Masyarakat yang tinggal di kawasan lereng perbukitan, bantaran sungai, dan daerah rawan bencana diminta untuk selalu waspada terhadap potensi longsor maupun banjir.
Sementara itu, Kepala BPBD Kabupaten Kepulauan Sangihe, Wandu Labesi, saat diwawancarai Tribunmanado melalui WhatsApp mengimbau masyarakat untuk meningkatkan kewaspadaan terhadap cuaca ekstrem yang melanda wilayah Sangihe.
"Curah hujan dengan intensitas tinggi yang terjadi sejak pagi hingga saat ini harus diwaspadai oleh kita semua, baik pemerintah kecamatan, kampung, kelurahan, maupun seluruh masyarakat. Kondisi cuaca berpotensi menimbulkan bencana hidrometeorologi seperti banjir, tanah longsor, hingga banjir bandang," kata Labesi.
Ia meminta warga yang bermukim di bantaran sungai untuk terus memantau kondisi debit air.
"Bagi masyarakat yang tinggal di sekitar bantaran sungai, agar memperhatikan kondisi air sungai. Jika debit air mulai meluap, segera lakukan evakuasi secara mandiri ke tempat yang lebih aman," ujarnya.
Selain itu, warga yang tinggal di daerah perbukitan juga diminta untuk meningkatkan kewaspadaan terhadap ancaman longsor.
"Masyarakat yang tinggal di wilayah perbukitan harus terus memperhatikan kondisi cuaca saat ini. Untuk meminimalisir risiko terjadinya tanah longsor, apabila diperlukan segera lakukan evakuasi mandiri ke lokasi yang lebih aman," tambahnya.

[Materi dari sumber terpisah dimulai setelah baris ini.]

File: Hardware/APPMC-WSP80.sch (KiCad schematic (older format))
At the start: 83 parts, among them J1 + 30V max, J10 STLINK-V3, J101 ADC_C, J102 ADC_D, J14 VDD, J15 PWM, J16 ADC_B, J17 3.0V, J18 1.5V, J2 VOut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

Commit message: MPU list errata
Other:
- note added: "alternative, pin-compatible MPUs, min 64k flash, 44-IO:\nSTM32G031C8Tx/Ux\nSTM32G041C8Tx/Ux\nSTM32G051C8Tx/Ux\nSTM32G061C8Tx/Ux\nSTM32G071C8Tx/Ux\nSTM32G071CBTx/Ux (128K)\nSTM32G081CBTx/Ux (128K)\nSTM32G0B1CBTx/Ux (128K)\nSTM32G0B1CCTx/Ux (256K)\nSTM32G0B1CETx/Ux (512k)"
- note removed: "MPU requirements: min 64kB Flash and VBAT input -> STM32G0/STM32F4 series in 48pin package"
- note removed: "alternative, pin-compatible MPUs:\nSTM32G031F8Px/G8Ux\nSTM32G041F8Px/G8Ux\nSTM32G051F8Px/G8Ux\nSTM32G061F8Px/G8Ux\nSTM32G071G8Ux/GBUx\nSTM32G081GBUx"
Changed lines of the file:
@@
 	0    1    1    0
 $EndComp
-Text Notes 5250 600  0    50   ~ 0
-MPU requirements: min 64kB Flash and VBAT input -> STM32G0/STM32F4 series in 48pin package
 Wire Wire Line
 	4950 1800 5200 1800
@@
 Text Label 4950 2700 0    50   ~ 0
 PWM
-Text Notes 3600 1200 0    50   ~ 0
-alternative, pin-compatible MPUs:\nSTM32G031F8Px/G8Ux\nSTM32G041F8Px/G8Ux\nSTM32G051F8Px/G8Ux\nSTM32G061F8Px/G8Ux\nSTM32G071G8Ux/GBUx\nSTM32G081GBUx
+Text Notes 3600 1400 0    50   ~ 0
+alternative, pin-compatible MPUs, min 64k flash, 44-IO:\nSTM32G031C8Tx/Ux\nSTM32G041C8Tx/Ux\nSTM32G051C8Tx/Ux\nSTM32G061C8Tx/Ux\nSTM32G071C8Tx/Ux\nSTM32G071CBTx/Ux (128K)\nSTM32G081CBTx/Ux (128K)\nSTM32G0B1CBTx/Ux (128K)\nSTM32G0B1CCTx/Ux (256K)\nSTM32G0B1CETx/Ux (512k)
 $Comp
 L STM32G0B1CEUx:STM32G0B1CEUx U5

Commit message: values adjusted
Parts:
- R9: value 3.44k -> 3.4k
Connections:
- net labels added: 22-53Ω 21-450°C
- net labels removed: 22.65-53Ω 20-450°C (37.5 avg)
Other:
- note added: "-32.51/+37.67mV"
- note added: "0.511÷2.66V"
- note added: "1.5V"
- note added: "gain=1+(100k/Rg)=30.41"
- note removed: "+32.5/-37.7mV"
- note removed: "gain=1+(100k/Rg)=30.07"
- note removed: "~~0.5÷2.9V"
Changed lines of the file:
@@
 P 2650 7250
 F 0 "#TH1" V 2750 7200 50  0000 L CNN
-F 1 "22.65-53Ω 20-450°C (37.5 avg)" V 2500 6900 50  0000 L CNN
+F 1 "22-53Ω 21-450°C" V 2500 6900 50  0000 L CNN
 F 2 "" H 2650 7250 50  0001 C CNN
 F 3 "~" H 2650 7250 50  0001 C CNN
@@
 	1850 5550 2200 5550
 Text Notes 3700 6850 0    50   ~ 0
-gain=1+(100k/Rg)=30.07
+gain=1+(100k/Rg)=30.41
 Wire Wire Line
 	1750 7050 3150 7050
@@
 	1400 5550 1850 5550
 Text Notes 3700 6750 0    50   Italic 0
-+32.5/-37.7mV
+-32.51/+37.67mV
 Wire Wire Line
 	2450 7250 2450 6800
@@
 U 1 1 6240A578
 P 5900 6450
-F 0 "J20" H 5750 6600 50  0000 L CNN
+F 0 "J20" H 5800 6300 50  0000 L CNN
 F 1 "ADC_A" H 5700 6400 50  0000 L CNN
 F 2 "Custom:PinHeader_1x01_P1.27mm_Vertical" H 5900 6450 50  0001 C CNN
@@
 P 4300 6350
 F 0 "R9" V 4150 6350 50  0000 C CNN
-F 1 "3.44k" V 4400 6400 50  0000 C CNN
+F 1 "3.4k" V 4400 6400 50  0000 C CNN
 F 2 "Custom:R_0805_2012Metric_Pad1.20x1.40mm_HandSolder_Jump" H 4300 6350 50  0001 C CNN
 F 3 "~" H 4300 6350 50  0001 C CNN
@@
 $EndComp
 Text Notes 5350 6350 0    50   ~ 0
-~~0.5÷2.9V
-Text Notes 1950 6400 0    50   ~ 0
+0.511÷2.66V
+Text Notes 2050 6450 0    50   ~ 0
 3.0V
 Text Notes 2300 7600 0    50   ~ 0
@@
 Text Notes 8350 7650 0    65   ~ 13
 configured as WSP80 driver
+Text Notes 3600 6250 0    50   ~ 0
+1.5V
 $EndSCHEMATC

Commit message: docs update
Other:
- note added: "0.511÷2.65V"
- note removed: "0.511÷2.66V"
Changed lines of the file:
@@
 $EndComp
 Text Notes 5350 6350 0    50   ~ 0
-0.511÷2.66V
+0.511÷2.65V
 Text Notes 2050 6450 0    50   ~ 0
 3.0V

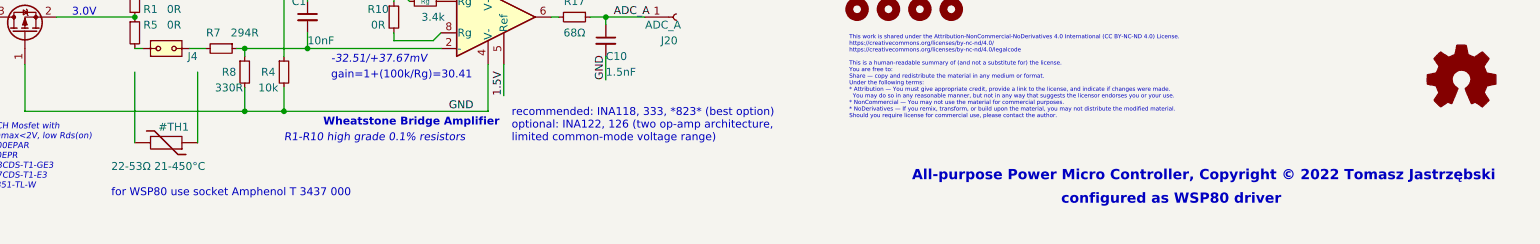
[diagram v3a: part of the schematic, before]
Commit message: docs & VS Code settings update
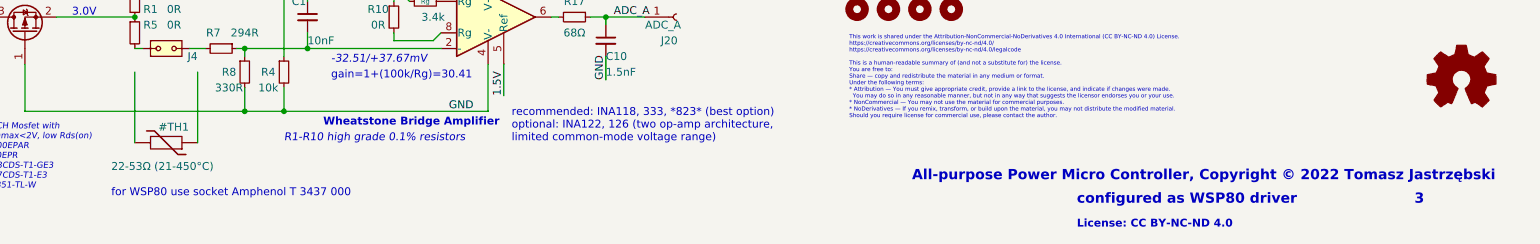
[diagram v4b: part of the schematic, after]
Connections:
- net labels added: 22-53Ω (21-450°C)
- net labels removed: 22-53Ω 21-450°C
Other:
- note added: "3"
- note added: "License: CC BY-NC-ND 4.0"
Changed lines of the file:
@@
 P 2650 7250
 F 0 "#TH1" V 2750 7200 50  0000 L CNN
-F 1 "22-53Ω 21-450°C" V 2500 6900 50  0000 L CNN
+F 1 "22-53Ω (21-450°C)" V 2500 6900 50  0000 L CNN
 F 2 "" H 2650 7250 50  0001 C CNN
 F 3 "~" H 2650 7250 50  0001 C CNN
@@
 Wire Wire Line
 	2750 6250 2900 6250
-Text Notes 8350 7650 0    65   ~ 13
+Text Notes 8450 7650 0    65   ~ 13
 configured as WSP80 driver
 Text Notes 3600 6250 0    50   ~ 0
 1.5V
+Text Notes 10600 7650 0    65   ~ 13
+3
+Text Notes 8450 7800 0    50   ~ 10
+License: CC BY-NC-ND 4.0
 $EndSCHEMATC

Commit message: updates to 3.1
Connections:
- net labels removed: WKUP
- wire segments 247 -> 246
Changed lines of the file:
@@
 Text Label 4900 1500 0    50   ~ 0
 ENC_B
-Text Label 6550 3200 0    50   ~ 0
+Text Label 4950 2900 0    50   ~ 0
 BTN
 Wire Wire Line
@@
 RX_B
 Wire Wire Line
-	6500 3200 6800 3200
-Wire Wire Line
 	5200 3800 4900 3800
 Wire Wire Line
@@
 Wire Wire Line
 	5200 2900 4900 2900
-Text Label 4950 2900 0    50   ~ 0
-WKUP
 Wire Wire Line
 	6500 2700 6800 2700

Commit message: update to 3.1
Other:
- note added: "3.1"
- note removed: "3"
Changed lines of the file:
@@
 1.5V
 Text Notes 10600 7650 0    65   ~ 13
-3
+3.1
 Text Notes 8450 7800 0    50   ~ 10
 License: CC BY-NC-ND 4.0

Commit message: update
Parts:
- U101: value OPA320 -> OPA388
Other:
- note added: "any low-offset (<0.1mV),\nhigh output current OpAmp\n*high CLoad drive*\nOPA388, NCS2005 (light capacitive load)\nOPA350EA (up to 1µF, MSOP-8 pkg)\nLM8261 (unlimited capacitive load use, lower precision)"
- note added: "for WSP80 use socket: Amphenol T 3437 000"
- note removed: "any low-offset (<0.1mV),\nhigh output current OpAmp"
- note removed: "for WSP80 use socket Amphenol T 3437 000"
- moved on the sheet: C1, C10, C101, C2, C24, C3, C4, C5, C6, C7, C8, D1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

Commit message: update
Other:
- note added: "any low-offset (<0.1mV),\nhigh output current OpAmp\n*high CLoad drive*\nOPA388, NCS2005 (light capacitive load)\nOPA350EA (up to 1µF, MSOP-8 pkg)\nLM8261 (unlimited capacitive load, lower precision)"
- note removed: "any low-offset (<0.1mV),\nhigh output current OpAmp\n*high CLoad drive*\nOPA388, NCS2005 (light capacitive load)\nOPA350EA (up to 1µF, MSOP-8 pkg)\nLM8261 (unlimited capacitive load use, lower precision)"
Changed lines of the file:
@@
 3.0V
 Text Notes 500  6950 0    50   Italic 0
-any low-offset (<0.1mV),\nhigh output current OpAmp\n*high CLoad drive*\nOPA388, NCS2005 (light capacitive load)\nOPA350EA (up to 1µF, MSOP-8 pkg)\nLM8261 (unlimited capacitive load use, lower precision)
+any low-offset (<0.1mV),\nhigh output current OpAmp\n*high CLoad drive*\nOPA388, NCS2005 (light capacitive load)\nOPA350EA (up to 1µF, MSOP-8 pkg)\nLM8261 (unlimited capacitive load, lower precision)
 $Comp
 L Device:C_Small C101
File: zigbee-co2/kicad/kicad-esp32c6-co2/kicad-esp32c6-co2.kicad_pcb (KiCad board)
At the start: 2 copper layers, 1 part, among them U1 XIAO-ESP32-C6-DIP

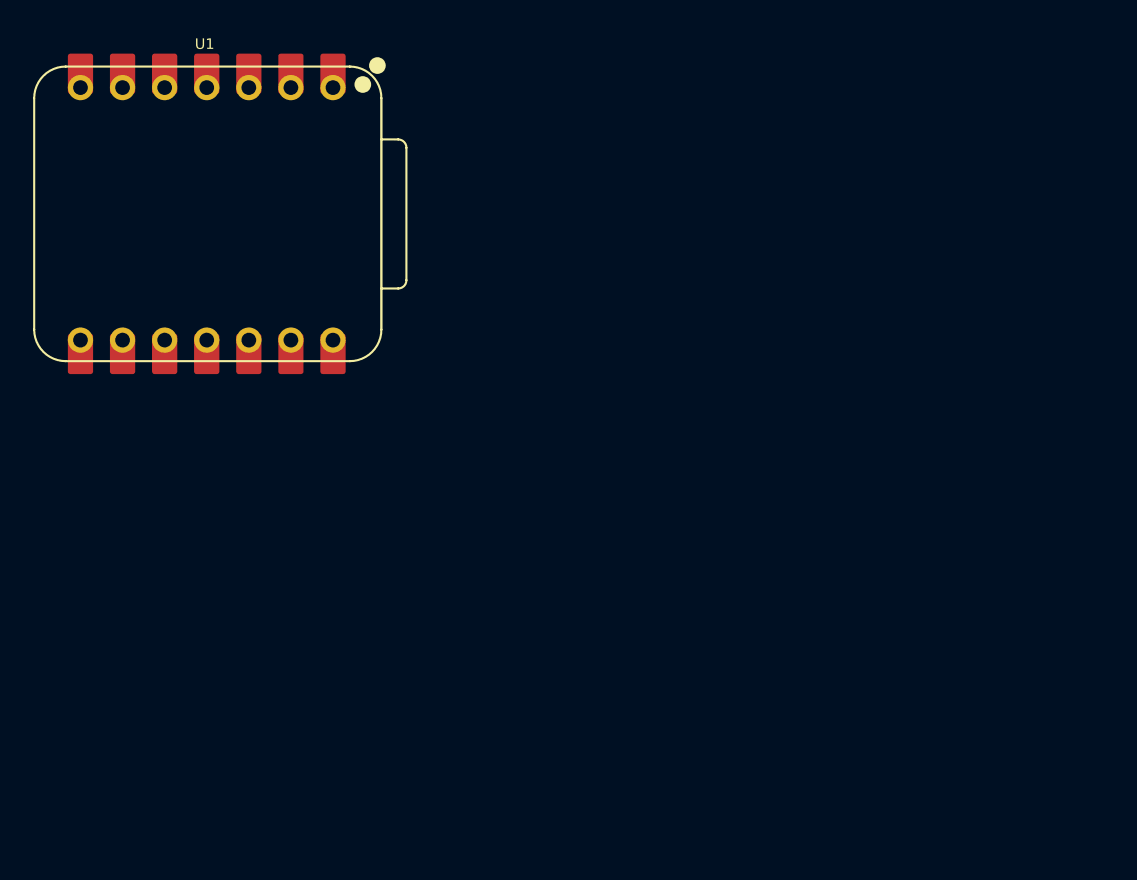
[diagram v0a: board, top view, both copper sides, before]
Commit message: feat: configure PCB stackup and add custom footprint library for 4-layer board
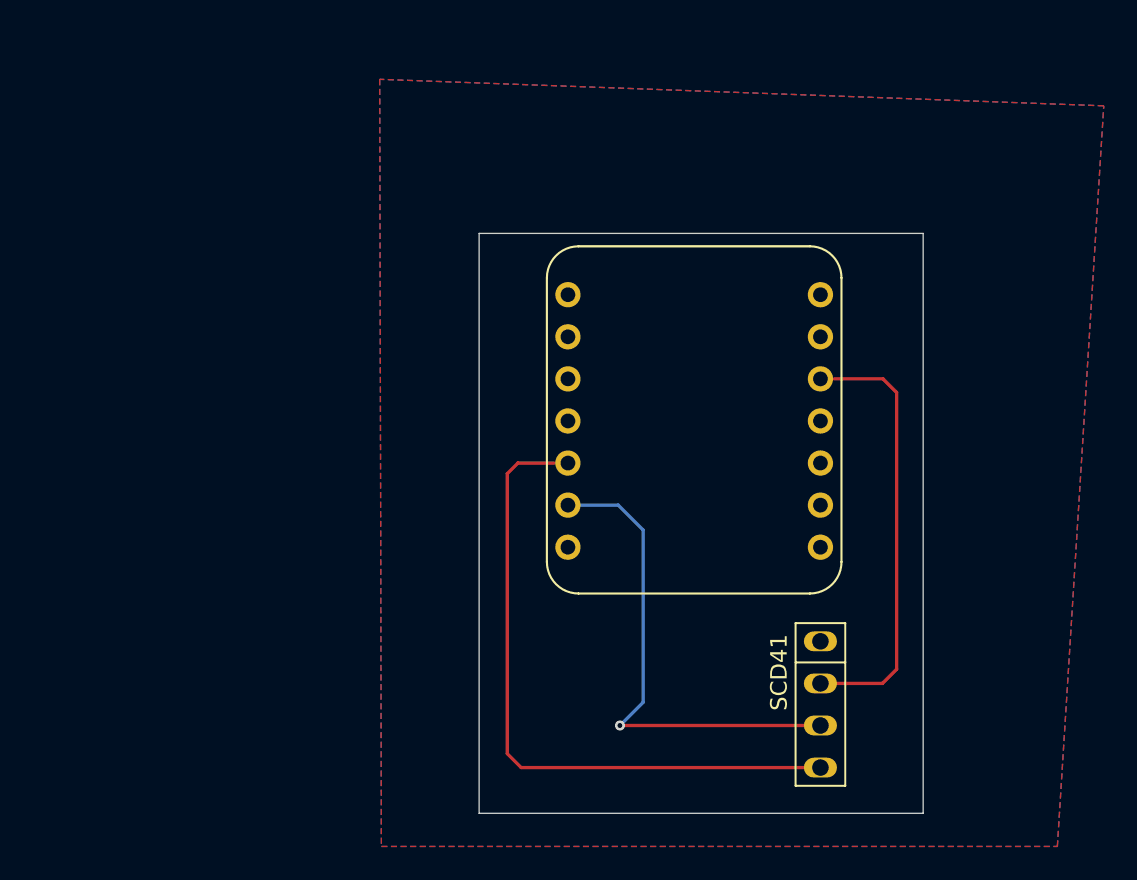
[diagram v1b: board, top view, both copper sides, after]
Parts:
- added SCD41: ~, Library:SCD41-4pins, F.Cu at (79.0, 67.7)
- U1: footprint seeds-studio:XIAO-ESP32-C6-DIP -> Library:XIAO-ESP32-C6-DIP
- moved U1 32.0 mm to (71.4, 50.6), turned to 90 degrees
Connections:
- U1 pad 12: unconnected-(U1-3V3-Pad12) -> +3.3V
- U1 pad 5: unconnected-(U1-GPIO22/D4/SDA-Pad5) -> Net-(SCD41-SDA)
- U1 pad 6: unconnected-(U1-GPIO23/D5/SCL-Pad6) -> Net-(SCD41-SCL)
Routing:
- net Net-(SCD41-SDA): track 0.00 -> 39.2 mm
- net Net-(SCD41-SCL): track 0.00 -> 29.6 mm, vias 0 -> 1
- net +3.3V: track 0.00 -> 25.8 mm
- added copper zone on B.Cu, net GND
- added copper zone on F.Cu, net GND
- added copper zone on In1.Cu, net GND
- added copper zone on In2.Cu, net GND
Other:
- board outline added: 26.8 x 35 mm
- copper layers 2 -> 4

Labesi juga meminta pemerintah kampung, kelurahan, dan kecamatan untuk aktif memantau kondisi wilayah masing-masing.
"Kami meminta pemerintah kampung, kelurahan, dan kecamatan agar terus memonitor wilayah kerja masing-masing. Jika terjadi dampak akibat cuaca ekstrem, segera laporkan kepada pemerintah daerah agar dapat dilakukan langkah-langkah penanganan secepatnya," tegasnya.